(AIM OF THE EXERCISE): Look through the records and copy every line in which "name" appears.

Dataset items

####################

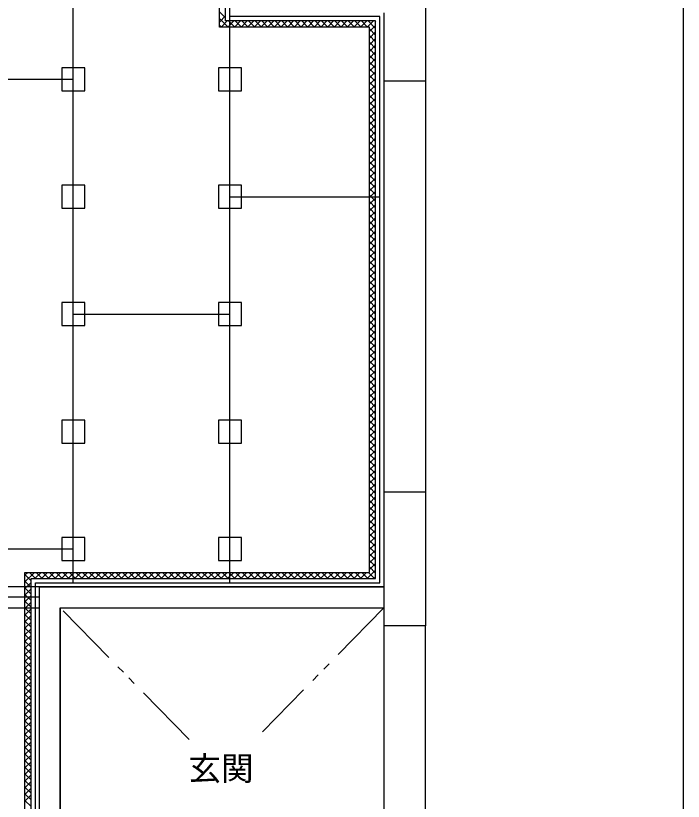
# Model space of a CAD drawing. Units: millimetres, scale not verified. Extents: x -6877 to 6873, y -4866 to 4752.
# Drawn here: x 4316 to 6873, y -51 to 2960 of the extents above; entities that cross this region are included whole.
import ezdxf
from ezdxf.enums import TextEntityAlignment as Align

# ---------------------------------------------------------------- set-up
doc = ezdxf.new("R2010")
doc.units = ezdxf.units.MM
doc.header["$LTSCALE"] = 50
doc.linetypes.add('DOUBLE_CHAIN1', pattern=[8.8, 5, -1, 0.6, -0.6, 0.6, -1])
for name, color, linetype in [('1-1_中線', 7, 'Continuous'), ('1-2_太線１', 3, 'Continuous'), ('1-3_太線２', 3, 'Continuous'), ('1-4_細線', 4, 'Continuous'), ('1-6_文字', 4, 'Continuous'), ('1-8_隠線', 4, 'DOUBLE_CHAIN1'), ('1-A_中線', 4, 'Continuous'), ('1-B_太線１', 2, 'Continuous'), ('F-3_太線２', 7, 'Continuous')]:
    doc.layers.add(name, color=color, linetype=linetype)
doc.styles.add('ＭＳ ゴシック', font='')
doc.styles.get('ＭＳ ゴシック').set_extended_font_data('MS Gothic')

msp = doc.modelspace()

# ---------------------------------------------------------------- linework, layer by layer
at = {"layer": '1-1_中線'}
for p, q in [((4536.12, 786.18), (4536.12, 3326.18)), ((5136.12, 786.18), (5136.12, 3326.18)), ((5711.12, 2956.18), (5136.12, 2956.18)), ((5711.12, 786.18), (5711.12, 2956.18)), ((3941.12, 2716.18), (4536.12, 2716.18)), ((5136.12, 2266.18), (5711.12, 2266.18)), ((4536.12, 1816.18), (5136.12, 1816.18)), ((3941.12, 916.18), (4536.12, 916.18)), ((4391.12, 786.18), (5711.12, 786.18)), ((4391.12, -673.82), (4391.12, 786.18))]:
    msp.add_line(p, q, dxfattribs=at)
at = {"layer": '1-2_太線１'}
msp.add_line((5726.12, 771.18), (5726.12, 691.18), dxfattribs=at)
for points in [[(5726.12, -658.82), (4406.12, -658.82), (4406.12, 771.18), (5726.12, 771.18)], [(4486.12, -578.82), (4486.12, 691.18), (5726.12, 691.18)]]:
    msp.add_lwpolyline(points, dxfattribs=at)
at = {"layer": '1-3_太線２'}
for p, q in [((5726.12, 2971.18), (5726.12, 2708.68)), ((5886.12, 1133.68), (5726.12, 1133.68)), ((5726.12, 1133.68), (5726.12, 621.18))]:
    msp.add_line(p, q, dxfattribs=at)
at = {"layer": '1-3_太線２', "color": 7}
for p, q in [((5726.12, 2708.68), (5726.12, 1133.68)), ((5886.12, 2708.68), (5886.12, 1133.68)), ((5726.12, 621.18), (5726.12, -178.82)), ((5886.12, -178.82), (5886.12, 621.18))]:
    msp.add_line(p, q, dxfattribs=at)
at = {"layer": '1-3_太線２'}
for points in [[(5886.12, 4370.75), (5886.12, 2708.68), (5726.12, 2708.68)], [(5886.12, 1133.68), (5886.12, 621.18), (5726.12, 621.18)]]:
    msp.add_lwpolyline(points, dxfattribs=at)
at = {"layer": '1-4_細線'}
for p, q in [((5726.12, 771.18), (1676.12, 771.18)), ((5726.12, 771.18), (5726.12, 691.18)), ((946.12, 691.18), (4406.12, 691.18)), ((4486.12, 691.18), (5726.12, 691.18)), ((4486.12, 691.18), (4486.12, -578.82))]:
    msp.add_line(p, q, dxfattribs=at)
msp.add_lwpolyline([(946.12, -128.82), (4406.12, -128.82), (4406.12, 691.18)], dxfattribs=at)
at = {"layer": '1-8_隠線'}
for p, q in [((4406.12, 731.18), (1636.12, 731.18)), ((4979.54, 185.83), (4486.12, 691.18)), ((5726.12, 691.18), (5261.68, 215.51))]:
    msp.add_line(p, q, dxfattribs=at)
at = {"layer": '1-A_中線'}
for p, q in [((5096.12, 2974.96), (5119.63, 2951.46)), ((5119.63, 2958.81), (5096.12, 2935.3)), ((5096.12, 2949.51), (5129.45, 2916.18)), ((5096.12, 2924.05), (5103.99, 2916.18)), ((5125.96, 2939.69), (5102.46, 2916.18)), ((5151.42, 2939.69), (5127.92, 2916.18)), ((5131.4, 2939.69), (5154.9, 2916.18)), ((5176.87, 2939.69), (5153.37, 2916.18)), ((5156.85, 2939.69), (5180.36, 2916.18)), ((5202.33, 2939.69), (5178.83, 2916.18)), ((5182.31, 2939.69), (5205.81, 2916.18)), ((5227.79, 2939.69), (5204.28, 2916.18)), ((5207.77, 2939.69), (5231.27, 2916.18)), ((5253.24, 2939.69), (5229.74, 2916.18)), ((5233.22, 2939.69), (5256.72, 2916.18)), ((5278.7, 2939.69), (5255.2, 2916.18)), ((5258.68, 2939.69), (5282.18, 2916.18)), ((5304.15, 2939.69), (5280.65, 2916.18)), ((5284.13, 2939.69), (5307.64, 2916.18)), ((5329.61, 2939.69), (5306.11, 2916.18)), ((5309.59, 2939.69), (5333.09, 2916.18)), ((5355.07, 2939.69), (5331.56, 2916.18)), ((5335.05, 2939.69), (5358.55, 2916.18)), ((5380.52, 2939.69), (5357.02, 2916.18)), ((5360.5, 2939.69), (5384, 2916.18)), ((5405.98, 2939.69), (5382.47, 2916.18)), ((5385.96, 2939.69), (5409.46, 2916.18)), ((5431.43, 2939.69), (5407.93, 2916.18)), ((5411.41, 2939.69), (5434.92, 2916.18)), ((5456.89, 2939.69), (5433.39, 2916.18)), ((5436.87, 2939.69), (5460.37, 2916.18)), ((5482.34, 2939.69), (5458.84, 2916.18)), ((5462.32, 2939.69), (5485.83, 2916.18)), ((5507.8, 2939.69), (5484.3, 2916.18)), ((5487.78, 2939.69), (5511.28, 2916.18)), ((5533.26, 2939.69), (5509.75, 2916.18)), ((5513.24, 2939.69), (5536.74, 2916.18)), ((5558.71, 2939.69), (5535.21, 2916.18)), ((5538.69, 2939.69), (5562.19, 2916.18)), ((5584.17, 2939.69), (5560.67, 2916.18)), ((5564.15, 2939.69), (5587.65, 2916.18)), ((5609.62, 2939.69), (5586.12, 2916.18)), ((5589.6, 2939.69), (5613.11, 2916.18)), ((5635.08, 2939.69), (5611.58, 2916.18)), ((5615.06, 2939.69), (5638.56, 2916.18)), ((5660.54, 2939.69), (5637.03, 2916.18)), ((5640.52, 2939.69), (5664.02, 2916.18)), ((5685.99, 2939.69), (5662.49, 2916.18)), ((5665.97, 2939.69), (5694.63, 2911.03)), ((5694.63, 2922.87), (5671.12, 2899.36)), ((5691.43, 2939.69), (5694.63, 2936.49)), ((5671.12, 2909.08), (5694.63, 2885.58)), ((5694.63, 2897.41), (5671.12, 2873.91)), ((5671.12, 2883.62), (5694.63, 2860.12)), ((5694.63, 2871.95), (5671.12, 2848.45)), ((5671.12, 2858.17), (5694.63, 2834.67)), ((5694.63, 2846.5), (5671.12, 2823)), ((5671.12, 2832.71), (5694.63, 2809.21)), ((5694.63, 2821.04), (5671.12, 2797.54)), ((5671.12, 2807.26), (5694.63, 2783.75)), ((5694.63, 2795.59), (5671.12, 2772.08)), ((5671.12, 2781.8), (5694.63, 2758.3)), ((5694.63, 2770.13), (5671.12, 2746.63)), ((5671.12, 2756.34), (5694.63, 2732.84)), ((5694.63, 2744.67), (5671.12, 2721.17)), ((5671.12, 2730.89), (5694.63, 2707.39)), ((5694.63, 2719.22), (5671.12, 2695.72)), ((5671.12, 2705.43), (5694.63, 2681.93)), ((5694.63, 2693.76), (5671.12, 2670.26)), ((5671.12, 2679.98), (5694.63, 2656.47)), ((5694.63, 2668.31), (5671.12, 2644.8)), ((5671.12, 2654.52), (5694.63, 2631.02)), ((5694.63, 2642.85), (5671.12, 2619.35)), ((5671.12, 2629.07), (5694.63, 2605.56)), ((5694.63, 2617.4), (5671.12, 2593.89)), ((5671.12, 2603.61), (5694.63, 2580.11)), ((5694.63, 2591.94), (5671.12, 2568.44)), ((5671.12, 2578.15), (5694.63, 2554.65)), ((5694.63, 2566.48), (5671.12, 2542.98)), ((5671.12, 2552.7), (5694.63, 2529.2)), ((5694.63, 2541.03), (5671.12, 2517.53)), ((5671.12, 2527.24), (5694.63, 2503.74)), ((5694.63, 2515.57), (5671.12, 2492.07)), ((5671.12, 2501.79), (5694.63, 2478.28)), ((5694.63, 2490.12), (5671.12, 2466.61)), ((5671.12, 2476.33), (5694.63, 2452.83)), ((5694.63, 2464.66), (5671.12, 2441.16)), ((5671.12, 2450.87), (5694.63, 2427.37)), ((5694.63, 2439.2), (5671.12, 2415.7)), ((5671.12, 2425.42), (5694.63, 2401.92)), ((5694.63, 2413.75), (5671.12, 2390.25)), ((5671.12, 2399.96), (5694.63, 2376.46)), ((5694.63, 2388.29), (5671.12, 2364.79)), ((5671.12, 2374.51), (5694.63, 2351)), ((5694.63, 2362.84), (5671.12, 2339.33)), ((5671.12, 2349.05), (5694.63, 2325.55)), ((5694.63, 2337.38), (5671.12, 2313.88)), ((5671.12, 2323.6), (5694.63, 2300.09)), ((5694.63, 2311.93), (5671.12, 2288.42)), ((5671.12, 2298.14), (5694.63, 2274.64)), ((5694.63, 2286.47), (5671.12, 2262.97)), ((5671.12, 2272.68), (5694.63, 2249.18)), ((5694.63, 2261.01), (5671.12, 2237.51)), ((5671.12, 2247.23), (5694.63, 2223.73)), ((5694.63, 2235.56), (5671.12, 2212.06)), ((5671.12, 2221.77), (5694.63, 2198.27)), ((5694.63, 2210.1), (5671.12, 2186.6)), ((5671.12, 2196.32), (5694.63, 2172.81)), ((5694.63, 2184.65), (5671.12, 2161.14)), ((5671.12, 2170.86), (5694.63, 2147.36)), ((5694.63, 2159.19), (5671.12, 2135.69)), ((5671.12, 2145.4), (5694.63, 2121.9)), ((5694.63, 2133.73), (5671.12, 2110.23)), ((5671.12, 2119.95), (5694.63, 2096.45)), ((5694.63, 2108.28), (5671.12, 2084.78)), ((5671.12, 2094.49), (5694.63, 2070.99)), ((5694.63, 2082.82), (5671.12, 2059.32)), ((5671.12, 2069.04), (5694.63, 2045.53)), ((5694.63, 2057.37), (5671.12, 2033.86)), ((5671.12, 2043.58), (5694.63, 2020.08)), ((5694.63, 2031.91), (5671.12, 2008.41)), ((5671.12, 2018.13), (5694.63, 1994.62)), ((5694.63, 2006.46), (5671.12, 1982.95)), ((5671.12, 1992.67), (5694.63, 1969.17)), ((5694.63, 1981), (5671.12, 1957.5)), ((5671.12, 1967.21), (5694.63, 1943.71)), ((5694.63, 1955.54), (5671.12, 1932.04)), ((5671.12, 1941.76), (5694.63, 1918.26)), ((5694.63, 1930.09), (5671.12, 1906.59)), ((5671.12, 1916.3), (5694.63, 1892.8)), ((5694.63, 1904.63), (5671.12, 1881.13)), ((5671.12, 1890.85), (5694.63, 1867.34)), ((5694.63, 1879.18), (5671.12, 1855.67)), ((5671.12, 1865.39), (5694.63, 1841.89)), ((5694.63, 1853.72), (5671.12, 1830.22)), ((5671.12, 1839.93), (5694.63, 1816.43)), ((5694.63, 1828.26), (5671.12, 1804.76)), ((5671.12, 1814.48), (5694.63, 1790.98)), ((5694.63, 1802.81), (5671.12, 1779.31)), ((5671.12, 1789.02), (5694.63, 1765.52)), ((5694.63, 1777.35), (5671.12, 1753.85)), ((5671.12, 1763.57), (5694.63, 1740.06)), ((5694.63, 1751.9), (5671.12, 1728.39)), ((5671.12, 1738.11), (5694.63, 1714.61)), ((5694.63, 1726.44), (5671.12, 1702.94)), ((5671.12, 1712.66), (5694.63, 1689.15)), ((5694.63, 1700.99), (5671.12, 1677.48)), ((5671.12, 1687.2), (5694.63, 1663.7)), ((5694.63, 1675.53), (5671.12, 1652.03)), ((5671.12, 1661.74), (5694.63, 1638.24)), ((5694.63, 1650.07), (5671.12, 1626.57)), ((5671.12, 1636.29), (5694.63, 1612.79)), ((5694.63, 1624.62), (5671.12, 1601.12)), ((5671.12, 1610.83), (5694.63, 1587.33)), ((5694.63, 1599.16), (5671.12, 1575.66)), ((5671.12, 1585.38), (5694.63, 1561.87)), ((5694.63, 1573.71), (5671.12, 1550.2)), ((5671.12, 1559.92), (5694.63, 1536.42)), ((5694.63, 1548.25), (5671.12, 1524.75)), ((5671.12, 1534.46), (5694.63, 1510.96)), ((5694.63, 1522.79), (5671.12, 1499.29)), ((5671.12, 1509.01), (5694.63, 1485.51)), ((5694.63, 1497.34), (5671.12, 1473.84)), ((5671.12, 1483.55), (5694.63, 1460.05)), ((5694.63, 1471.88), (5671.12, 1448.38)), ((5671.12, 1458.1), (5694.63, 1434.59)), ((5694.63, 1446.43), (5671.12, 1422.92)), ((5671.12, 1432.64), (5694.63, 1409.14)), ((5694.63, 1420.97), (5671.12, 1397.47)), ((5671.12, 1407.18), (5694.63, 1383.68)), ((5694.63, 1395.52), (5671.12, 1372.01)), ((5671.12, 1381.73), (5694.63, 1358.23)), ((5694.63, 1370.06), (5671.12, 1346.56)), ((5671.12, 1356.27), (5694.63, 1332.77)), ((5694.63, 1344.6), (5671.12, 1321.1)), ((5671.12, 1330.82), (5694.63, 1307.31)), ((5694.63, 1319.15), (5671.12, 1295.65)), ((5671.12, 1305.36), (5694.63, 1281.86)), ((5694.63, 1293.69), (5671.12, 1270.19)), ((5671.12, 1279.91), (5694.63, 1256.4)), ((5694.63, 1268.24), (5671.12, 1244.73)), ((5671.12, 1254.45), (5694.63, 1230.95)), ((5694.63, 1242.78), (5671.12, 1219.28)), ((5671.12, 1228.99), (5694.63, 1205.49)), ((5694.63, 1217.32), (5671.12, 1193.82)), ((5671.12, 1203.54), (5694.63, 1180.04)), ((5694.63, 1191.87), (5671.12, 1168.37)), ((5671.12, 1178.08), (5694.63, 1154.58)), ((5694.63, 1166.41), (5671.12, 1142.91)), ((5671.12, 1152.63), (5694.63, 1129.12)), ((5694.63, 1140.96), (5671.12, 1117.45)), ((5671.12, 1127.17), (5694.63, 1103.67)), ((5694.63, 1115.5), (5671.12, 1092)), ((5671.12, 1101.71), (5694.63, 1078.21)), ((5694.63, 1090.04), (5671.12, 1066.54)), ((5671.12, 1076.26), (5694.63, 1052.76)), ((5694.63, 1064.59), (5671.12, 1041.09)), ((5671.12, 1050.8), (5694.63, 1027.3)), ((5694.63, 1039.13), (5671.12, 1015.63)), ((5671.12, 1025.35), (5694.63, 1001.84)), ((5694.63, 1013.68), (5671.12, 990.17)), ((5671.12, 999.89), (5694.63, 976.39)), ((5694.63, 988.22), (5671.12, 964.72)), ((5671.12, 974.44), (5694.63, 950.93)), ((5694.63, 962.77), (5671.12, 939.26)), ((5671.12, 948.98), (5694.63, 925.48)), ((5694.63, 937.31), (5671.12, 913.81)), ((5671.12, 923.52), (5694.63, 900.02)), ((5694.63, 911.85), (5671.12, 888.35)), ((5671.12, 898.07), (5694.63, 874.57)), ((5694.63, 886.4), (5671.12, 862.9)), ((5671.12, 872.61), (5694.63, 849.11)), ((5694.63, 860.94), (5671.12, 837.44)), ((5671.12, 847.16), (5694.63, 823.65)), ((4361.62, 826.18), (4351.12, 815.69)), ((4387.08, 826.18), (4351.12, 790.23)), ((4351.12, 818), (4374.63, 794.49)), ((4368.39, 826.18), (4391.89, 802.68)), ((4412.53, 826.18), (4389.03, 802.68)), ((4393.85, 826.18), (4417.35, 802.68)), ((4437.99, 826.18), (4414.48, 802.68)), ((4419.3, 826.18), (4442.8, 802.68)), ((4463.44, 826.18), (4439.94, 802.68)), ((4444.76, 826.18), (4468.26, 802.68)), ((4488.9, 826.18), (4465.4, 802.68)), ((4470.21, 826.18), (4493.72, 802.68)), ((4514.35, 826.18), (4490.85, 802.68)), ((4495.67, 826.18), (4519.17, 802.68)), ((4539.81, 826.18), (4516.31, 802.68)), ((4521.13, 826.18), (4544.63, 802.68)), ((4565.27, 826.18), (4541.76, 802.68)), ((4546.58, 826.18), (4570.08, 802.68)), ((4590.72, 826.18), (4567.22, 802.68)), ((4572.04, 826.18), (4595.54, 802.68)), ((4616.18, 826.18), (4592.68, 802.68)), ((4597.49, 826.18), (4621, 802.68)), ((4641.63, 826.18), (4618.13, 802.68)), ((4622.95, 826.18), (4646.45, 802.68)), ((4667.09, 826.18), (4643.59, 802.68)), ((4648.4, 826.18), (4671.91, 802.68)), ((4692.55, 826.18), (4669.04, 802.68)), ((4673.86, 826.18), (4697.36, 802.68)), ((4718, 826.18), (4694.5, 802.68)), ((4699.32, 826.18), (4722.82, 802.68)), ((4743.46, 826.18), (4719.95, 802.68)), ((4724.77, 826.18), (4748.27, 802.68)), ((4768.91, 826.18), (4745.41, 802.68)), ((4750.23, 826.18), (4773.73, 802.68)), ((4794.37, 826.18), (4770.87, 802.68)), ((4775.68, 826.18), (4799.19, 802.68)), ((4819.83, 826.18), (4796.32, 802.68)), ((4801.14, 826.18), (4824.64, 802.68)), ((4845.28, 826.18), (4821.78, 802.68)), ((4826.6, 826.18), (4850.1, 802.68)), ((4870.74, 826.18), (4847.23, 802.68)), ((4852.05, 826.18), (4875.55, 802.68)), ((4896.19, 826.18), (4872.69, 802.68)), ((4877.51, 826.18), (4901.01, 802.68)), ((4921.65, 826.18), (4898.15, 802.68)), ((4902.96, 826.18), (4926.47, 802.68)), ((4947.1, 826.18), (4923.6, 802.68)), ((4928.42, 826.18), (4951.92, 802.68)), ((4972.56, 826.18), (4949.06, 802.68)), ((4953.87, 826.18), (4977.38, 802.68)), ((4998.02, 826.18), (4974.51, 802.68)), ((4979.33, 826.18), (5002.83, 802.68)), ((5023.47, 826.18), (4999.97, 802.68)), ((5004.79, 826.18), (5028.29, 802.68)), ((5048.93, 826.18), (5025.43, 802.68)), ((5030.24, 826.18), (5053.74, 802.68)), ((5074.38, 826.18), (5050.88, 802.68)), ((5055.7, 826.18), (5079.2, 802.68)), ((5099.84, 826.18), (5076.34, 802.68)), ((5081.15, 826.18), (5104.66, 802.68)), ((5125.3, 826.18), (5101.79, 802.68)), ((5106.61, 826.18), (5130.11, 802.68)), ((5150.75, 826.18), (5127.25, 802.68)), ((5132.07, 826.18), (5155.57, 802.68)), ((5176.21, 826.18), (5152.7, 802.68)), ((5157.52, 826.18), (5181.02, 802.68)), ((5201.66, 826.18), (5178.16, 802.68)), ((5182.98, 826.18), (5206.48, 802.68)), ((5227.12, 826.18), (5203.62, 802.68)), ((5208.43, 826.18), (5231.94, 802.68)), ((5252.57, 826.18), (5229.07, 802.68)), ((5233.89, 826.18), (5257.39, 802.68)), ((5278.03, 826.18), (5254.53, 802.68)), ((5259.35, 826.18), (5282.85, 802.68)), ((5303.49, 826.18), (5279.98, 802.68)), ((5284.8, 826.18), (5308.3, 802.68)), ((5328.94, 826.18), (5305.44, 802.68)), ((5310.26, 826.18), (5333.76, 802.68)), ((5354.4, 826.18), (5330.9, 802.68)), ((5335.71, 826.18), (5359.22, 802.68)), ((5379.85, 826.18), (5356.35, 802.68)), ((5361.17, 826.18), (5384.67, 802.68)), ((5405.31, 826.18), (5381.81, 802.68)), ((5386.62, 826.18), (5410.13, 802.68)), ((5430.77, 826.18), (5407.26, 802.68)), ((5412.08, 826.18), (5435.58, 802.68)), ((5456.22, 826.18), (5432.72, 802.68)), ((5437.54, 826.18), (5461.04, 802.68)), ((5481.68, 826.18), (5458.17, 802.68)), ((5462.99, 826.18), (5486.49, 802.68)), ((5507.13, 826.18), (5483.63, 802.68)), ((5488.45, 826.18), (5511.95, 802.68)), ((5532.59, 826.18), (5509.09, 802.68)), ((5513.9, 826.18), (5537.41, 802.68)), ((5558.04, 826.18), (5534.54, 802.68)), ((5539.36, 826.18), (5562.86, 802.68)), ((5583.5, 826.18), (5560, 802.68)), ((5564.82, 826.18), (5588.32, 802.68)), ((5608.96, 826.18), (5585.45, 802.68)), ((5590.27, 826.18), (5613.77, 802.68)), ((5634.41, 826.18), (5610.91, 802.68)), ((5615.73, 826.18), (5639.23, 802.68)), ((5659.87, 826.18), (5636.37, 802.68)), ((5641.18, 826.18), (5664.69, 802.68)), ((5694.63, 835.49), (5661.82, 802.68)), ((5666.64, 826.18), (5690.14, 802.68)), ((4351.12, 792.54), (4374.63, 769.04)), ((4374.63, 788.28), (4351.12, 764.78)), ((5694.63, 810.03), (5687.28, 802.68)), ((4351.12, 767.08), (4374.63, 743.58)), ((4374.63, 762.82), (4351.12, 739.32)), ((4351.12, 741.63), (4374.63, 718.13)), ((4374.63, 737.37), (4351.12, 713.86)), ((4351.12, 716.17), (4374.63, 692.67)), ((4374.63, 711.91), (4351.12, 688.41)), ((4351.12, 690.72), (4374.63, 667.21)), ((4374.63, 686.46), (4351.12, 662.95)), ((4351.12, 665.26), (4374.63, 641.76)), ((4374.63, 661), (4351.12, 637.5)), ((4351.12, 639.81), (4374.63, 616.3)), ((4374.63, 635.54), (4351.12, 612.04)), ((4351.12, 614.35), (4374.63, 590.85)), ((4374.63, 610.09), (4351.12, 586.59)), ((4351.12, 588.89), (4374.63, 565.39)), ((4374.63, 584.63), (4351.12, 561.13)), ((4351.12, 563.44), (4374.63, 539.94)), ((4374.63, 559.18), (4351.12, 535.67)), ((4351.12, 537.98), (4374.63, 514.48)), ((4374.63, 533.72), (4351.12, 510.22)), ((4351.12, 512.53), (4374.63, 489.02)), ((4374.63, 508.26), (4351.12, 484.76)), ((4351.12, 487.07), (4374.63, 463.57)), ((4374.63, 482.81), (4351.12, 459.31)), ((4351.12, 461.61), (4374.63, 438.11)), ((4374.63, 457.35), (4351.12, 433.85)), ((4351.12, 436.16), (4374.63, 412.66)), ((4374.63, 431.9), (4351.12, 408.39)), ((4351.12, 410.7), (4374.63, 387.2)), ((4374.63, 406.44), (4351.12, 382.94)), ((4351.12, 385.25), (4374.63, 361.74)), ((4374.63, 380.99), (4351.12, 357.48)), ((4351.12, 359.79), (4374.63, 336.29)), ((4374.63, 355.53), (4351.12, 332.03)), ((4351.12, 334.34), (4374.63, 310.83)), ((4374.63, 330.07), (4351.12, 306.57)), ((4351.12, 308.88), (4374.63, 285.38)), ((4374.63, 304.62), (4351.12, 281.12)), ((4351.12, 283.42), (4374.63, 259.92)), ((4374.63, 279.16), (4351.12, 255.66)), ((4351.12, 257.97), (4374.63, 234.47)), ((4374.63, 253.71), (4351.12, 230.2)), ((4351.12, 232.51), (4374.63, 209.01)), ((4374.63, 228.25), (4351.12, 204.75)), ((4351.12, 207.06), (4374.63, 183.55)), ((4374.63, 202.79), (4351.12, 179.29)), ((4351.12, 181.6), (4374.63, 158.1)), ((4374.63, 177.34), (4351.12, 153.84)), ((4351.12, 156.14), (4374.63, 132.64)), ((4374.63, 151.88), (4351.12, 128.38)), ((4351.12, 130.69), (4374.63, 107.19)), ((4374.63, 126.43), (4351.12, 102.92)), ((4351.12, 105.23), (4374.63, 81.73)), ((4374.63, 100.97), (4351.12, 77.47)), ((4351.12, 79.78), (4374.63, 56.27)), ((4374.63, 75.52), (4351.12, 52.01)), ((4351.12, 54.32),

####################

(YOUR SOLUTION):
for name, color, linetype in [('1-1_中線', 7, 'Continuous'), ('1-2_太線１', 3, 'Continuous'), ('1-3_太線２', 3, 'Continuous'), ('1-4_細線', 4, 'Continuous'), ('1-6_文字', 4, 'Continuous'), ('1-8_隠線', 4, 'DOUBLE_CHAIN1'), ('1-A_中線', 4, 'Continuous'), ('1-B_太線１', 2, 'Continuous'), ('F-3_太線２', 7, 'Continuous')]:
    doc.layers.add(name, color=color, linetype=linetype)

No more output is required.